> [Try it] Down to the last line, print the material below verbatim.

> [Data under study]
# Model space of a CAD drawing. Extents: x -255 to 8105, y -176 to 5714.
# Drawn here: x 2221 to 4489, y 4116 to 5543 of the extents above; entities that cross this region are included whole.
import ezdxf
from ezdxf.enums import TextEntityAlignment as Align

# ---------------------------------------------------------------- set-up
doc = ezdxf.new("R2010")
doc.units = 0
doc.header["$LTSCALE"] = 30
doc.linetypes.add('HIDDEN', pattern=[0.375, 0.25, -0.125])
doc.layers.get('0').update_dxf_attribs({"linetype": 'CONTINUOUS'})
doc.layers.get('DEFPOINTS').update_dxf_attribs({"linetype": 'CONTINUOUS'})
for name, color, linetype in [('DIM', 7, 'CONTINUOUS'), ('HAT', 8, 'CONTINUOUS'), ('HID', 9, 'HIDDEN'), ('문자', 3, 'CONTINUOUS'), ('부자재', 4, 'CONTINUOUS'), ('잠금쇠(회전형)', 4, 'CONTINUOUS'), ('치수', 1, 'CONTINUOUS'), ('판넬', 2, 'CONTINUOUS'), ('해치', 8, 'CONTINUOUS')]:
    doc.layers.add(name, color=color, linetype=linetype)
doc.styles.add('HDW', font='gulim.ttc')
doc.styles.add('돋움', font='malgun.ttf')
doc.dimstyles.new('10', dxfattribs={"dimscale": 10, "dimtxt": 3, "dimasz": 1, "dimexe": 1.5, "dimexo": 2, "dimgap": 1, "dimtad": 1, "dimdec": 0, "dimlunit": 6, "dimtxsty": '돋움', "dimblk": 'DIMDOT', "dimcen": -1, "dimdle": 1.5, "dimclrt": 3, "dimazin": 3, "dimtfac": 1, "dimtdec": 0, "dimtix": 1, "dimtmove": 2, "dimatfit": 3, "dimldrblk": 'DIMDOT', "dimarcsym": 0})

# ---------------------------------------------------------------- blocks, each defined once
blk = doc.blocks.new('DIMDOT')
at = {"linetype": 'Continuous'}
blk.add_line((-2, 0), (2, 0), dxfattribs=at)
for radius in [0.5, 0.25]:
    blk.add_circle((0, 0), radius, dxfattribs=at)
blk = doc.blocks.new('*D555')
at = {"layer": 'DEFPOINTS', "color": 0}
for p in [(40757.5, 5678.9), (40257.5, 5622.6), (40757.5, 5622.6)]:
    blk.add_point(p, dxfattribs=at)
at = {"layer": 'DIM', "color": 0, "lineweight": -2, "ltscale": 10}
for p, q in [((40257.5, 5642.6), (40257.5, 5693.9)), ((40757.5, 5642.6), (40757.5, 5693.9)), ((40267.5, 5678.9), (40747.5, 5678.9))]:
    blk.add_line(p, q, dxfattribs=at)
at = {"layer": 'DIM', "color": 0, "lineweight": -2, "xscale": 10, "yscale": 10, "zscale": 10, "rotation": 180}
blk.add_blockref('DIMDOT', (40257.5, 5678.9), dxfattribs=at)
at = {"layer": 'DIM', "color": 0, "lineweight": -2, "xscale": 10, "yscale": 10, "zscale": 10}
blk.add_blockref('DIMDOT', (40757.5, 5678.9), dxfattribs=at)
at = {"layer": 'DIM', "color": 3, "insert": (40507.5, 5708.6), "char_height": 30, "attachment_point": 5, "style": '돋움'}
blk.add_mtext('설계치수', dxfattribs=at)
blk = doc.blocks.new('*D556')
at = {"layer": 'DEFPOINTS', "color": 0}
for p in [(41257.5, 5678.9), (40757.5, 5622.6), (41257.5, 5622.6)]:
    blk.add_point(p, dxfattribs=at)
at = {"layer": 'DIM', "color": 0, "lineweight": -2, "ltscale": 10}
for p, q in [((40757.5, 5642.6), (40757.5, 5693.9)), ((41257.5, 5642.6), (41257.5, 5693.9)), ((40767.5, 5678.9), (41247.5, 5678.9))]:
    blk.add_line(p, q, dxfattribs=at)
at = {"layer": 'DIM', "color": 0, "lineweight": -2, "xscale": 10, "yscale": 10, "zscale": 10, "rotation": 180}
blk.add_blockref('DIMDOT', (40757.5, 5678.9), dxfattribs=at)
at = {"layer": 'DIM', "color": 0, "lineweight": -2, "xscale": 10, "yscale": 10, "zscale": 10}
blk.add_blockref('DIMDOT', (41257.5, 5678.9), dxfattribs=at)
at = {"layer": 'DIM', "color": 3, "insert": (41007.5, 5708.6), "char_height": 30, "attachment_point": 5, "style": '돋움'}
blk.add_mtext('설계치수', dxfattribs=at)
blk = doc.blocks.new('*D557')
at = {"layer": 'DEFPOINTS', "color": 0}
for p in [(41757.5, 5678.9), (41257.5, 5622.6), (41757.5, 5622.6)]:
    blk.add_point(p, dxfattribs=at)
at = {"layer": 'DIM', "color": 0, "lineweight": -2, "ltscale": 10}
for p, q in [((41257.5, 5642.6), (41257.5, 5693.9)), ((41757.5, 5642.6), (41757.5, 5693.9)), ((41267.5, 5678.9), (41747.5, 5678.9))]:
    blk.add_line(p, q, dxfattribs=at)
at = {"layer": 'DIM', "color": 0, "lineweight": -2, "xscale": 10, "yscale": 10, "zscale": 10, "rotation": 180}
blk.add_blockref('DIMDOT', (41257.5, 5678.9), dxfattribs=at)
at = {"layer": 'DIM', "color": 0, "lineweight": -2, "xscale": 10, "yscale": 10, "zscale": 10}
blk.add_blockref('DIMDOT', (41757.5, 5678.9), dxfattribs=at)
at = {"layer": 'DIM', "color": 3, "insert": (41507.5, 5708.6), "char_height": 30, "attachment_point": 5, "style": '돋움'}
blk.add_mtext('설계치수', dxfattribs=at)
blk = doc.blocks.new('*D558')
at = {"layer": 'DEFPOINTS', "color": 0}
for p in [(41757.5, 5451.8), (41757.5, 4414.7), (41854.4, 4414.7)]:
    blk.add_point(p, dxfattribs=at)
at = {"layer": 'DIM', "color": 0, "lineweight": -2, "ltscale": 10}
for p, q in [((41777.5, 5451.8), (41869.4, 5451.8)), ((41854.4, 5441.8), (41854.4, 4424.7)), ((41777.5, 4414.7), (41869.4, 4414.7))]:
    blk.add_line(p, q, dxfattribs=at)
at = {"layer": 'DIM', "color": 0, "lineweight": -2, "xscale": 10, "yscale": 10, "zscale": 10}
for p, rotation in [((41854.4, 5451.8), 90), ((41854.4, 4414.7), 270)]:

> [Result]
# Model space of a CAD drawing. Extents: x -255 to 8105, y -176 to 5714.
# Drawn here: x 2221 to 4489, y 4116 to 5543 of the extents above; entities that cross this region are included whole.
import ezdxf
from ezdxf.enums import TextEntityAlignment as Align

# ---------------------------------------------------------------- set-up
doc = ezdxf.new("R2010")
doc.units = 0
doc.header["$LTSCALE"] = 30
doc.linetypes.add('HIDDEN', pattern=[0.375, 0.25, -0.125])
doc.layers.get('0').update_dxf_attribs({"linetype": 'CONTINUOUS'})
doc.layers.get('DEFPOINTS').update_dxf_attribs({"linetype": 'CONTINUOUS'})
for name, color, linetype in [('DIM', 7, 'CONTINUOUS'), ('HAT', 8, 'CONTINUOUS'), ('HID', 9, 'HIDDEN'), ('문자', 3, 'CONTINUOUS'), ('부자재', 4, 'CONTINUOUS'), ('잠금쇠(회전형)', 4, 'CONTINUOUS'), ('치수', 1, 'CONTINUOUS'), ('판넬', 2, 'CONTINUOUS'), ('해치', 8, 'CONTINUOUS')]:
    doc.layers.add(name, color=color, linetype=linetype)
doc.styles.add('HDW', font='gulim.ttc')
doc.styles.add('돋움', font='malgun.ttf')
doc.dimstyles.new('10', dxfattribs={"dimscale": 10, "dimtxt": 3, "dimasz": 1, "dimexe": 1.5, "dimexo": 2, "dimgap": 1, "dimtad": 1, "dimdec": 0, "dimlunit": 6, "dimtxsty": '돋움', "dimblk": 'DIMDOT', "dimcen": -1, "dimdle": 1.5, "dimclrt": 3, "dimazin": 3, "dimtfac": 1, "dimtdec": 0, "dimtix": 1, "dimtmove": 2, "dimatfit": 3, "dimldrblk": 'DIMDOT', "dimarcsym": 0})

# ---------------------------------------------------------------- blocks, each defined once
blk = doc.blocks.new('DIMDOT')
at = {"linetype": 'Continuous'}
blk.add_line((-2, 0), (2, 0), dxfattribs=at)
for radius in [0.5, 0.25]:
    blk.add_circle((0, 0), radius, dxfattribs=at)
blk = doc.blocks.new('*D555')
at = {"layer": 'DEFPOINTS', "color": 0}
for p in [(40757.5, 5678.9), (40257.5, 5622.6), (40757.5, 5622.6)]:
    blk.add_point(p, dxfattribs=at)
at = {"layer": 'DIM', "color": 0, "lineweight": -2, "ltscale": 10}
for p, q in [((40257.5, 5642.6), (40257.5, 5693.9)), ((40757.5, 5642.6), (40757.5, 5693.9)), ((40267.5, 5678.9), (40747.5, 5678.9))]:
    blk.add_line(p, q, dxfattribs=at)
at = {"layer": 'DIM', "color": 0, "lineweight": -2, "xscale": 10, "yscale": 10, "zscale": 10, "rotation": 180}
blk.add_blockref('DIMDOT', (40257.5, 5678.9), dxfattribs=at)
at = {"layer": 'DIM', "color": 0, "lineweight": -2, "xscale": 10, "yscale": 10, "zscale": 10}
blk.add_blockref('DIMDOT', (40757.5, 5678.9), dxfattribs=at)
at = {"layer": 'DIM', "color": 3, "insert": (40507.5, 5708.6), "char_height": 30, "attachment_point": 5, "style": '돋움'}
blk.add_mtext('설계치수', dxfattribs=at)
blk = doc.blocks.new('*D556')
at = {"layer": 'DEFPOINTS', "color": 0}
for p in [(41257.5, 5678.9), (40757.5, 5622.6), (41257.5, 5622.6)]:
    blk.add_point(p, dxfattribs=at)
at = {"layer": 'DIM', "color": 0, "lineweight": -2, "ltscale": 10}
for p, q in [((40757.5, 5642.6), (40757.5, 5693.9)), ((41257.5, 5642.6), (41257.5, 5693.9)), ((40767.5, 5678.9), (41247.5, 5678.9))]:
    blk.add_line(p, q, dxfattribs=at)
at = {"layer": 'DIM', "color": 0, "lineweight": -2, "xscale": 10, "yscale": 10, "zscale": 10, "rotation": 180}
blk.add_blockref('DIMDOT', (40757.5, 5678.9), dxfattribs=at)
at = {"layer": 'DIM', "color": 0, "lineweight": -2, "xscale": 10, "yscale": 10, "zscale": 10}
blk.add_blockref('DIMDOT', (41257.5, 5678.9), dxfattribs=at)
at = {"layer": 'DIM', "color": 3, "insert": (41007.5, 5708.6), "char_height": 30, "attachment_point": 5, "style": '돋움'}
blk.add_mtext('설계치수', dxfattribs=at)
blk = doc.blocks.new('*D557')
at = {"layer": 'DEFPOINTS', "color": 0}
for p in [(41757.5, 5678.9), (41257.5, 5622.6), (41757.5, 5622.6)]:
    blk.add_point(p, dxfattribs=at)
at = {"layer": 'DIM', "color": 0, "lineweight": -2, "ltscale": 10}
for p, q in [((41257.5, 5642.6), (41257.5, 5693.9)), ((41757.5, 5642.6), (41757.5, 5693.9)), ((41267.5, 5678.9), (41747.5, 5678.9))]:
    blk.add_line(p, q, dxfattribs=at)
at = {"layer": 'DIM', "color": 0, "lineweight": -2, "xscale": 10, "yscale": 10, "zscale": 10, "rotation": 180}
blk.add_blockref('DIMDOT', (41257.5, 5678.9), dxfattribs=at)
at = {"layer": 'DIM', "color": 0, "lineweight": -2, "xscale": 10, "yscale": 10, "zscale": 10}
blk.add_blockref('DIMDOT', (41757.5, 5678.9), dxfattribs=at)
at = {"layer": 'DIM', "color": 3, "insert": (41507.5, 5708.6), "char_height": 30, "attachment_point": 5, "style": '돋움'}
blk.add_mtext('설계치수', dxfattribs=at)
blk = doc.blocks.new('*D558')
at = {"layer": 'DEFPOINTS', "color": 0}
for p in [(41757.5, 5451.8), (41757.5, 4414.7), (41854.4, 4414.7)]:
    blk.add_point(p, dxfattribs=at)
at = {"layer": 'DIM', "color": 0, "lineweight": -2, "ltscale": 10}
for p, q in [((41777.5, 5451.8), (41869.4, 5451.8)), ((41854.4, 5441.8), (41854.4, 4424.7)), ((41777.5, 4414.7), (41869.4, 4414.7))]:
    blk.add_line(p, q, dxfattribs=at)
at = {"layer": 'DIM', "color": 0, "lineweight": -2, "xscale": 10, "yscale": 10, "zscale": 10}
for p, rotation in [((41854.4, 5451.8), 90), ((41854.4, 4414.7), 270)]:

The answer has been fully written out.